China and civilisational harmony

Khurram Minhas

The Clash of Civilisations is a hypothesis introduced by Samuel P. Huntington in 1992. It argues that people’s regional and religious identities, growing inequality among the regions and ideological differences will be primary sources of conflict in the post-Cold War world. The concept of ‘Clash of Civilisations’ was in response to Francis Fukuyama’s 1992 book, ‘The End of History and the Last Man’. Samuel P. Huntington later expanded his thesis in a 1996 book ‘The Clash of Civilisations and the Remaking of World Order’. The growing inequality among various regions and political and economic monopoly of West are two variables, which had been identified by Huntington in his book.
His idea was widely criticized by various scholars. However, over the years, Huntington’s theory proved correct in its postulates as the world observed strong rages among different civilisations based on socio-economic and political inequality. The world has witnessed growing inequality in wealth for last two decades. On the contrary, China with 21 percent of total population of the world only maintains 9 percent of the total wealth of the world. Furthermore, the US had created capitalism for betterment of one percent, while it had ignored 99 percent of total world population, which created numerous socio-economic problems. Therefore, a new just economic world order is required to mitigate numerous existing socio-economic problems.
Meanwhile, China has emerged as a new hope for the civilisational harmony in the world. It has started various political and economic initiatives for the promotion of civilisational harmony among various regions. In this regard, New Development Bank (NDB) of Brazil, Russia, India, China and South Africa (BRICS) and Asian Infrastructure Investment Bank (AIIB) are two milestones towards breaking the monopoly of the West over world economic order. Poverty index in South Asia is increasing since 2008. Currently, Pakistan’s poverty stands at 22 percent, while 30 percent of Indian public is living below the poverty line. On the contrary, China has uplifted 600 million people from poverty. In this regard, South Asian countries can learn from China, how China has uplifted such a large number of its people from extreme poverty.

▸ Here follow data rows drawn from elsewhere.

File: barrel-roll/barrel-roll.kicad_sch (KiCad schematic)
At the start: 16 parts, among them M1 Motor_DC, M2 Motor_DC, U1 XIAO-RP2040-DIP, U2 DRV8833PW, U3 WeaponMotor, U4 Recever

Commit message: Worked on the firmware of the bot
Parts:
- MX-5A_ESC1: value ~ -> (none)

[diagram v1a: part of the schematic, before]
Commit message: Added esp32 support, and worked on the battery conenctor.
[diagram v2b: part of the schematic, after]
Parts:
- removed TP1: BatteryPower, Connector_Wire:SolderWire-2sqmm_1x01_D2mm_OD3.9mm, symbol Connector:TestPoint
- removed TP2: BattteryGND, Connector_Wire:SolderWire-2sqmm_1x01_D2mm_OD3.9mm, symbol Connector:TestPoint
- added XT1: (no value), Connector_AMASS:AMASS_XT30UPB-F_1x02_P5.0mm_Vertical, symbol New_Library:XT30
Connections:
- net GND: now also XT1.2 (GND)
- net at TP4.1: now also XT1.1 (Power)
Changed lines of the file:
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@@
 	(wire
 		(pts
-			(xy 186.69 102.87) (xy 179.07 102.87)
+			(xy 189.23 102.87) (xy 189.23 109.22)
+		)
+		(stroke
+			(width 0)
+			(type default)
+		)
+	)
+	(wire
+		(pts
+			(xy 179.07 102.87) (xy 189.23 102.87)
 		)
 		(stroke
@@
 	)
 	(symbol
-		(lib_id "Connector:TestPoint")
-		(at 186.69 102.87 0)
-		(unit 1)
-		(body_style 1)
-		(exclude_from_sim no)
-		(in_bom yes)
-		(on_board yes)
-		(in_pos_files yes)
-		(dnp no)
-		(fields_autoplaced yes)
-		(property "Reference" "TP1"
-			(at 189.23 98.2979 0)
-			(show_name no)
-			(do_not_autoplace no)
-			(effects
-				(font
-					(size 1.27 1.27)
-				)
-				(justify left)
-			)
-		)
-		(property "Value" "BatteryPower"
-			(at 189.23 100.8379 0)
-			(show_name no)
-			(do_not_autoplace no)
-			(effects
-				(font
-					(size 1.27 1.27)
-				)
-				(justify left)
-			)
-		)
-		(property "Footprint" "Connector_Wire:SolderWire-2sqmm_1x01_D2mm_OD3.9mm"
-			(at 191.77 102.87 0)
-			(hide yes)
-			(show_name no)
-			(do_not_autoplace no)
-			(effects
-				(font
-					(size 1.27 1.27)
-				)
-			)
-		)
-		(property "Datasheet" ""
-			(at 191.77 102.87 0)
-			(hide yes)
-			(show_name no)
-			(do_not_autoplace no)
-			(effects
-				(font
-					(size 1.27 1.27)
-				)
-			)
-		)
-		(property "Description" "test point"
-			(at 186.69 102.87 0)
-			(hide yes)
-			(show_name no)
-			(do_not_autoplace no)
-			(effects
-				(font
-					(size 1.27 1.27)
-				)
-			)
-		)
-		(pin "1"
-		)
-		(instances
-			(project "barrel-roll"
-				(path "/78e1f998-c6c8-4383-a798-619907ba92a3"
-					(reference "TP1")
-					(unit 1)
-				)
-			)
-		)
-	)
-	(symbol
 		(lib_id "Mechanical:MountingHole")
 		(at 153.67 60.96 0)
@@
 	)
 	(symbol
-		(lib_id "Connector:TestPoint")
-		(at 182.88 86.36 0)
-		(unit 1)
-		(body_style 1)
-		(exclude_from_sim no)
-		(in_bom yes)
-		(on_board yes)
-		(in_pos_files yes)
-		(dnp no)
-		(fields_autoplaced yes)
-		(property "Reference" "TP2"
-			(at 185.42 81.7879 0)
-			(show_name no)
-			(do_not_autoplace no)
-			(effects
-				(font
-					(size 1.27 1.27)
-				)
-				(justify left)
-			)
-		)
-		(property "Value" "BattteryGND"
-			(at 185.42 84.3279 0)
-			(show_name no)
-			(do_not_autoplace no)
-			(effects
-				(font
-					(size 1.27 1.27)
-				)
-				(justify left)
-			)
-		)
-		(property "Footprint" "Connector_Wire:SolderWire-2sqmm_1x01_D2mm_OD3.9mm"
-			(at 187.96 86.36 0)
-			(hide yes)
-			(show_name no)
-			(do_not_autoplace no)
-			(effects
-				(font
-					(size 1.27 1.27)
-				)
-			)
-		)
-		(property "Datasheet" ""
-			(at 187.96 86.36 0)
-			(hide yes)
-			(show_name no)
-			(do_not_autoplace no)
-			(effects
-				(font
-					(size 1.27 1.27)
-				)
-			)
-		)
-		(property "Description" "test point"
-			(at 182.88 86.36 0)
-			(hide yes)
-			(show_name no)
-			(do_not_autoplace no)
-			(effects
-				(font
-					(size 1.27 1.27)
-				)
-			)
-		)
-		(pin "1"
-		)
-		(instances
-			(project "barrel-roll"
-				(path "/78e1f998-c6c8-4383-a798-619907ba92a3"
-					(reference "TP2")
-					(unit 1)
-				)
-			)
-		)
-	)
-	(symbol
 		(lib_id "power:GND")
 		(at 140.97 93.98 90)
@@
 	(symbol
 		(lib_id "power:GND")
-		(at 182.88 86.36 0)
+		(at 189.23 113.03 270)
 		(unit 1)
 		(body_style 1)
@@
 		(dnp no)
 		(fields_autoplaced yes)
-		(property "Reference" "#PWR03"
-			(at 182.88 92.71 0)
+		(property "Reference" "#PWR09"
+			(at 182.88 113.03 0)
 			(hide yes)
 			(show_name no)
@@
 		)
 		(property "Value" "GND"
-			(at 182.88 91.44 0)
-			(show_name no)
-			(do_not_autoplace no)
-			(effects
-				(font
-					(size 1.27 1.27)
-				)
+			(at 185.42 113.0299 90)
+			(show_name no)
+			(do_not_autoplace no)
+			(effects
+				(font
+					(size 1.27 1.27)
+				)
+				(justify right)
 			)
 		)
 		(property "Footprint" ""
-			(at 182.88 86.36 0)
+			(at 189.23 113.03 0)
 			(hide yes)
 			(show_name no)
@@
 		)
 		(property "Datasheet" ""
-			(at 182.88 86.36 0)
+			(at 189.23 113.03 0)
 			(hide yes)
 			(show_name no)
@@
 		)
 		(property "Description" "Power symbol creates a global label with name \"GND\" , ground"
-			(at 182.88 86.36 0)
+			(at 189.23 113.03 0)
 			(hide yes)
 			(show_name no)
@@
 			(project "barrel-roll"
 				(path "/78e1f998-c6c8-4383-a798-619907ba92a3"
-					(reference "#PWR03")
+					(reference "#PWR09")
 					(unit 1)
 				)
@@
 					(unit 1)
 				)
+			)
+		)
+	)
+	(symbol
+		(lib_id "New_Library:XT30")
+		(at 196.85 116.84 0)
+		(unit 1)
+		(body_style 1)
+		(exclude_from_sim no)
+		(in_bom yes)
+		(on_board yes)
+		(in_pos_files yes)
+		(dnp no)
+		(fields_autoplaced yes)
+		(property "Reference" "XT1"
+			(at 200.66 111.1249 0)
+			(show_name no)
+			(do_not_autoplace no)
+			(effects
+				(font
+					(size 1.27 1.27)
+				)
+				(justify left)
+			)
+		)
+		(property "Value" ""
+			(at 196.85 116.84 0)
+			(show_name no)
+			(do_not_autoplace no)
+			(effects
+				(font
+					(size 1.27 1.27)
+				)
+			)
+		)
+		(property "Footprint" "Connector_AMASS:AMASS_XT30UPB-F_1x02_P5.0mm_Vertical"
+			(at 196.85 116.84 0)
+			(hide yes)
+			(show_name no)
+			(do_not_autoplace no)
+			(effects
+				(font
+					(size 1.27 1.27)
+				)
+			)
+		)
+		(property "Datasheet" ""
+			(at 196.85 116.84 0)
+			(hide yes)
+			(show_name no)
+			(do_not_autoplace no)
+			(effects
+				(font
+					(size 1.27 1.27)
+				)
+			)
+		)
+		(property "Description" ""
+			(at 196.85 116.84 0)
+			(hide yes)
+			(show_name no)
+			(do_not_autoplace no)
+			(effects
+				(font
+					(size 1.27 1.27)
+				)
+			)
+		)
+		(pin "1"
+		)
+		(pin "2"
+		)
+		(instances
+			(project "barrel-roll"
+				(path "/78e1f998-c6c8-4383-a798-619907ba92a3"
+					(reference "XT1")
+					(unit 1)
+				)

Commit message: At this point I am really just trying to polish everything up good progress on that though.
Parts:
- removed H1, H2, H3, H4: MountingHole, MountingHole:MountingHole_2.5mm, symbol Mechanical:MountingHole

Chinese One Road and One Belt (OBOR) initiative is another breath of fresh air in the time of civilisational clash. The OBOR initiative is an effort to further decrease the inequality ratio among the regions. China would invest 21 trillion US dollars in next 20 years on various economic corridors under OBOR initiative. Currently, China has spent 800 billion US dollars on six under construction economic corridors. Living standard of 64 percent of world’s population would improve under Chinese vision of connectivity through corridors, i.e. One Belt and One Road (OBOR) initiative. The construction of six corridors under OBOR initiatives would also increase the people to people contacts of different regions from Europe to South Asia for economic purposes, which would diminish various stereotypes about each other. Elimination of various stereotypes would help in spreading harmony among various regions.
Harmony is the key to prosperity for all civilisations. In this regard, China is playing a vital role to create peace and stability in the world. Pakistan is also actively supporting Chinese dream of civilisational harmony through working on China Pakistan Economic Corridor (CPEC). China and Pakistan nations are committed to save humanity from various issues ranging from terrorism to climate change and civilsational clash through increased trading activities among various regions. However, it is also the duty of international community to cooperate with these two nations for the betterment of human beings.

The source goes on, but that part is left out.